Faculty Disclosure: The author does not have an affiliation with or financial interest in any organization that might pose a conflict of interest. This article was presented as a lecture given in Tel Aviv, Israel, on November 21, 2007. Parts of this article have been previously published in Hebrew.
Acknowledgment: The author would like to dedicate this article to the memory of William Pollin, MD, his mentor at The National Institute of Mental Health, whose skepticism never reduced his enthusiasm.
Submitted for publication: April 7, 2008; Accepted for publication: July 23, 2008.
Please direct all correspondence to: Robert H. Belmaker, MD, Beer-Sheva Mental Health Center, PO Box 4600, Beer-Sheba, Israel; Tel: 972-7-640-1602, Fax: 972-7-640-1621; E-mail: firstname.lastname@example.org.
• Monoamines in animal models influence multiple behaviors.

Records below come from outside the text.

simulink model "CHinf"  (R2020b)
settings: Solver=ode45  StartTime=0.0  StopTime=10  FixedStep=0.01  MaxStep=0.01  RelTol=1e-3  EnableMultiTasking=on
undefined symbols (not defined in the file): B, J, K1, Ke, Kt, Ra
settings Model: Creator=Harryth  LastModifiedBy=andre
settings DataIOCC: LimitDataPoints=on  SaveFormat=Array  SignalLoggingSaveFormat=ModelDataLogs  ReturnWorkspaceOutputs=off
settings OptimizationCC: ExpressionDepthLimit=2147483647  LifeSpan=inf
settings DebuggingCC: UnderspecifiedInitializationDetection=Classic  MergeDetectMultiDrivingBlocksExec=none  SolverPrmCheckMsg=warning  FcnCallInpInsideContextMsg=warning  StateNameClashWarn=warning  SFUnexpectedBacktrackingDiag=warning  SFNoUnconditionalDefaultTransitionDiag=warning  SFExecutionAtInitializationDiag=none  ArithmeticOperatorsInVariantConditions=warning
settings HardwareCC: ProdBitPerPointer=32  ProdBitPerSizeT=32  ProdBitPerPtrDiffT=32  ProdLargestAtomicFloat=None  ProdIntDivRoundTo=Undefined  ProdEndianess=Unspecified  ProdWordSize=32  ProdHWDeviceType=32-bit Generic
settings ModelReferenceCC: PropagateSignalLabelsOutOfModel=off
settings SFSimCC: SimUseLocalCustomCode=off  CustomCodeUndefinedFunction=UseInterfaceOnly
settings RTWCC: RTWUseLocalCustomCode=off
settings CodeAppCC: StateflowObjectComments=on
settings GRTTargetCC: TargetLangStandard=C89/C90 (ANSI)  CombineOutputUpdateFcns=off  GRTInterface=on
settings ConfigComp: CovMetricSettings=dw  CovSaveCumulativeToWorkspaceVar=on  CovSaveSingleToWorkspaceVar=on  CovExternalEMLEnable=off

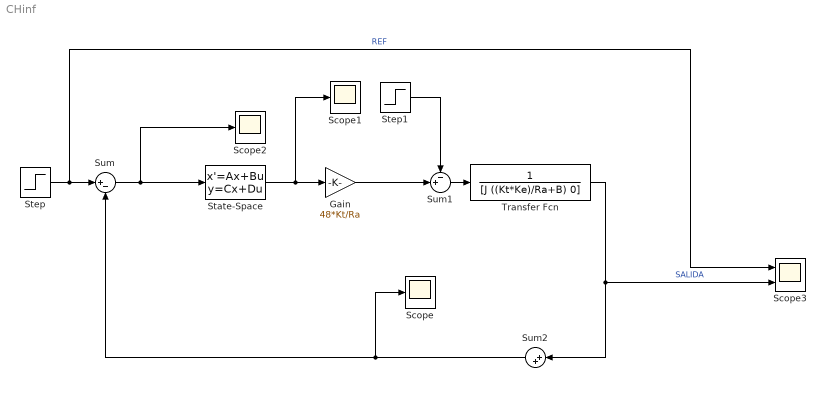
== system CHinf ==
  Gain : Gain  Gain=48*Kt/Ra
  Scope : Scope
  Scope1 : Scope
  Scope2 : Scope
  Scope3 : Scope  NumInputPorts=2
  State-Space : StateSpace  A=K1.a  B=K1.b  C=K1.c  D=K1.d  InitialCondition=0
  Step : Step  SampleTime=0
  Step1 : Step  Time=5  SampleTime=0
  Sum : Sum  Inputs=|+-
  Sum1 : Sum  Inputs=-+|
  Sum2 : Sum  Inputs=|++
  Transfer Fcn : TransferFcn  Numerator=1  Denominator=[J ((Kt*Ke)/Ra+B) 0]
  wires:
  Step/1 -> Scope3/1, Sum/1  "REF"
  Sum/1 -> Scope2/1, State-Space/1
  Gain/1 -> Sum1/2
  Sum1/1 -> Transfer Fcn/1
  Sum2/1 -> Sum/2, Scope/1
  Transfer Fcn/1 -> Sum2/1, Scope3/2  "SALIDA"
  Step1/1 -> Sum1/1
  State-Space/1 -> Gain/1, Scope1/1
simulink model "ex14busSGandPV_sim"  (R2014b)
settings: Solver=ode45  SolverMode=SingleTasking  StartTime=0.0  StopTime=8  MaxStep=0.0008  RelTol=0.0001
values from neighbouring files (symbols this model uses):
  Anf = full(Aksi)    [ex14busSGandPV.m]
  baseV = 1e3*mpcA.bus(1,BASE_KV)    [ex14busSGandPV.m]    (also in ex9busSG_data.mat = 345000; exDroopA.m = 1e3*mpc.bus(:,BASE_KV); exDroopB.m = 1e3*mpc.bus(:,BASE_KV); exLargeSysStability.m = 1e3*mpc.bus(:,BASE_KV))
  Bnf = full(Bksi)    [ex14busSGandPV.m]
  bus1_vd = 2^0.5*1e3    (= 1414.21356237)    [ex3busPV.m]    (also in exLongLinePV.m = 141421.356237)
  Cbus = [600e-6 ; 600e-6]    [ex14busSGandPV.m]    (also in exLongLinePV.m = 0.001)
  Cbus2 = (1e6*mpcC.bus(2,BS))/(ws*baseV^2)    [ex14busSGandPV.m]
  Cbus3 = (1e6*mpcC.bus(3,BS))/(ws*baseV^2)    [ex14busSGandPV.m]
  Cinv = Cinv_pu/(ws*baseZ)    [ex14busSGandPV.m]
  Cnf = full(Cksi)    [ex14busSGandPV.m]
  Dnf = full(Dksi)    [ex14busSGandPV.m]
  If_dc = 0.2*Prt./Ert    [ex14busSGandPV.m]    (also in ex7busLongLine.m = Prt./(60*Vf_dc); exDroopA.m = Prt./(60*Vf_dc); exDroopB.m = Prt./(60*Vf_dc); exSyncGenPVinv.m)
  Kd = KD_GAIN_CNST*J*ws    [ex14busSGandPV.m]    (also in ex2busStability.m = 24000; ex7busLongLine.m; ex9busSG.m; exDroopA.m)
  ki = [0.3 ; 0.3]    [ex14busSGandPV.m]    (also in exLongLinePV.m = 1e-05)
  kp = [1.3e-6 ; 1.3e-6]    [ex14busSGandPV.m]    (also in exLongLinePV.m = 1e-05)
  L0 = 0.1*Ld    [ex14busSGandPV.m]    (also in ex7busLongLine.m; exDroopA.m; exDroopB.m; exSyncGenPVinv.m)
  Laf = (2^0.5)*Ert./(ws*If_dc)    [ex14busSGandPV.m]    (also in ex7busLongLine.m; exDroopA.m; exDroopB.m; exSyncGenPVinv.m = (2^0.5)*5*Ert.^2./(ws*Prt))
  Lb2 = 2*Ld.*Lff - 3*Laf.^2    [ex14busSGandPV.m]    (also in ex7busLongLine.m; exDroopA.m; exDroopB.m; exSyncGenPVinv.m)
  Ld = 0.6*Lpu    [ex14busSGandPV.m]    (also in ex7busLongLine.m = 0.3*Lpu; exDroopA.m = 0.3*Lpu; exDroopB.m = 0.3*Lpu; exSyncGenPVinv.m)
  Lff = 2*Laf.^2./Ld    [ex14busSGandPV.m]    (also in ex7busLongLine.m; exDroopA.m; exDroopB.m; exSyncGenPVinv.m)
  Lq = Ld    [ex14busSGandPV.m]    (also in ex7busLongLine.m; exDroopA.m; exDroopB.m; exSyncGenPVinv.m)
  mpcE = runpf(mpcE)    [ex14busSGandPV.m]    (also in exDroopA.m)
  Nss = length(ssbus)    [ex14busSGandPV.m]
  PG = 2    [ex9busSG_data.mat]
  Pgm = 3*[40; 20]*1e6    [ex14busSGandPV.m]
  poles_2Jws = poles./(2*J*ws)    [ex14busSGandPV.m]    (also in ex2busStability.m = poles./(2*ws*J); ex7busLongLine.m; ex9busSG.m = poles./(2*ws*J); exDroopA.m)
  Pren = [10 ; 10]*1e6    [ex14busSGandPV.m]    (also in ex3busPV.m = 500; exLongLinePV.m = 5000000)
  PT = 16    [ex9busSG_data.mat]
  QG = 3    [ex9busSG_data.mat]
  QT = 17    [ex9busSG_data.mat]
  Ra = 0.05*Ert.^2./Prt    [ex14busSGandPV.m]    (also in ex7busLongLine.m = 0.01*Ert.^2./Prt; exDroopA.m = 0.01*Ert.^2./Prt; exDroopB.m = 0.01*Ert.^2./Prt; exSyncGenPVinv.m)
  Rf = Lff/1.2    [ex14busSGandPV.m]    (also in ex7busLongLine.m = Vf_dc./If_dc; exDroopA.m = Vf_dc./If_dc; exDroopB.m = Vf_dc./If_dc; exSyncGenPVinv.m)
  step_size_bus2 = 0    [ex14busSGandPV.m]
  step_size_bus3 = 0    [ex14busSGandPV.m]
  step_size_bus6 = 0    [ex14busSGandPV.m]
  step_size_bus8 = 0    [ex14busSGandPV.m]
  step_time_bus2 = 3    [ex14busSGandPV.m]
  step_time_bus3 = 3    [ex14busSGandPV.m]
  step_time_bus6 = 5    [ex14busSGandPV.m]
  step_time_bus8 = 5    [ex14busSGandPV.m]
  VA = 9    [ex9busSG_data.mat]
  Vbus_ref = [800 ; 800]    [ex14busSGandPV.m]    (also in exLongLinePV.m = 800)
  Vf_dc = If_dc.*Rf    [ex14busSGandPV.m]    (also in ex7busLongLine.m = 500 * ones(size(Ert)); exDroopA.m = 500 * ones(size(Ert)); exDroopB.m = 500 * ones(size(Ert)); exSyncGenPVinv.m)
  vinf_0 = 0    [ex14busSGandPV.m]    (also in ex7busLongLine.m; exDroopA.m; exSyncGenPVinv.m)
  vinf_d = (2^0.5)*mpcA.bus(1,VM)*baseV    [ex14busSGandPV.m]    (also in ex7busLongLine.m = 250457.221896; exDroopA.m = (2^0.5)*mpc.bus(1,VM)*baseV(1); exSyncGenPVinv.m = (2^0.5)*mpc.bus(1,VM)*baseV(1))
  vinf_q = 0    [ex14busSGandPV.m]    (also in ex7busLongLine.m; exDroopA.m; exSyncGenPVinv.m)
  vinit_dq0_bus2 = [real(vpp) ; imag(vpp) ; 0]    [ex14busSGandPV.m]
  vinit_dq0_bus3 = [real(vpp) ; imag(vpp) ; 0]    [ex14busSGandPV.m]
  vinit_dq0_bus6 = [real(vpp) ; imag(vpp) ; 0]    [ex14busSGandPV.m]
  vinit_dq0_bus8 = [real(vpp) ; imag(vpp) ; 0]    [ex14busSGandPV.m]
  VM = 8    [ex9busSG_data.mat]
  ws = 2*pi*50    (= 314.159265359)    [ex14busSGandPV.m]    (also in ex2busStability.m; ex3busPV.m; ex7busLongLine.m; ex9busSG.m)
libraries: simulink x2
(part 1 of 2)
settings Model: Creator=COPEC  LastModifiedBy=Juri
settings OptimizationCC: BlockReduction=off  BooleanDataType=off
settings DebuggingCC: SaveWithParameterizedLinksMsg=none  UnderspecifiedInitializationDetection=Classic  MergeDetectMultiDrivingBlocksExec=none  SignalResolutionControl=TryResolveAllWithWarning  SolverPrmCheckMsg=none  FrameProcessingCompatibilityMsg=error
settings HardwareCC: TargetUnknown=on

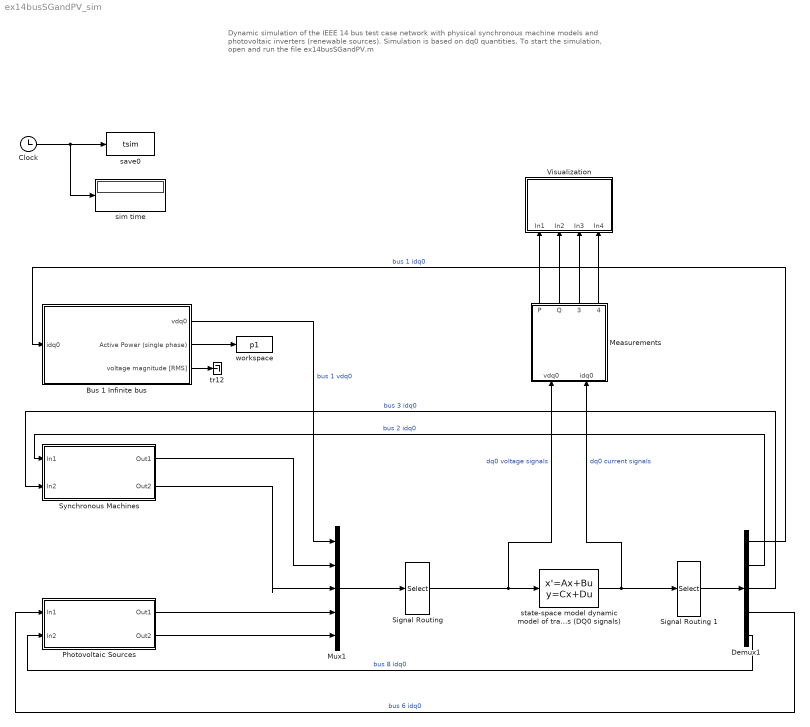
== system ex14busSGandPV_sim ==
  note: Dynamic simulation of the IEEE 14 bus test case network with physical synchronous machine models and photovoltaic inverters (renewable sources). Simulation is based on dq0 quantities.
      |
      | To start the simulation, open and run the file
      | ex14busSGandPV.m
  Bus 1 Infinite bus : Subsystem
  Clock : Clock
  Demux1 : Demux  Outputs=5
  Measurements : Subsystem
  Mux1 : Mux  Inputs=5
  Photovoltaic Sources : Subsystem
  "Signal Routing " : Selector  InputPortWidth=3*Nss  IndexOptions=Index vector (dialog)  Indices=units_to_net  OutputSizes=1
  Signal Routing 1 : Selector  InputPortWidth=3*Nss  IndexOptions=Index vector (dialog)  Indices=net_to_units  OutputSizes=1
  Synchronous Machines : Subsystem
  Visualization : Subsystem
  save0 : ToWorkspace  VariableName=tsim  SampleTime=-1
  sim time : Display
  state-space model dynamic model of transmission network with integrated loads (DQ0 signals) : StateSpace  A=Anf  B=Bnf  C=Cnf  D=Dnf  X0=0
  tr12 : Terminator
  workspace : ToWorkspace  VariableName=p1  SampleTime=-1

• The placebo-drug difference in controlled studies suggests that perhaps only one third of depressions are monoamine related.
• Cortisol is not consistently elevated in depression and, when it is, it is a small elevation compared with a stressor such as public speaking, for example.
• The dexamethasone suppression test is abnormal only in melancholic depression, whereas psychosocial stress is most associated with chronic, milder depression.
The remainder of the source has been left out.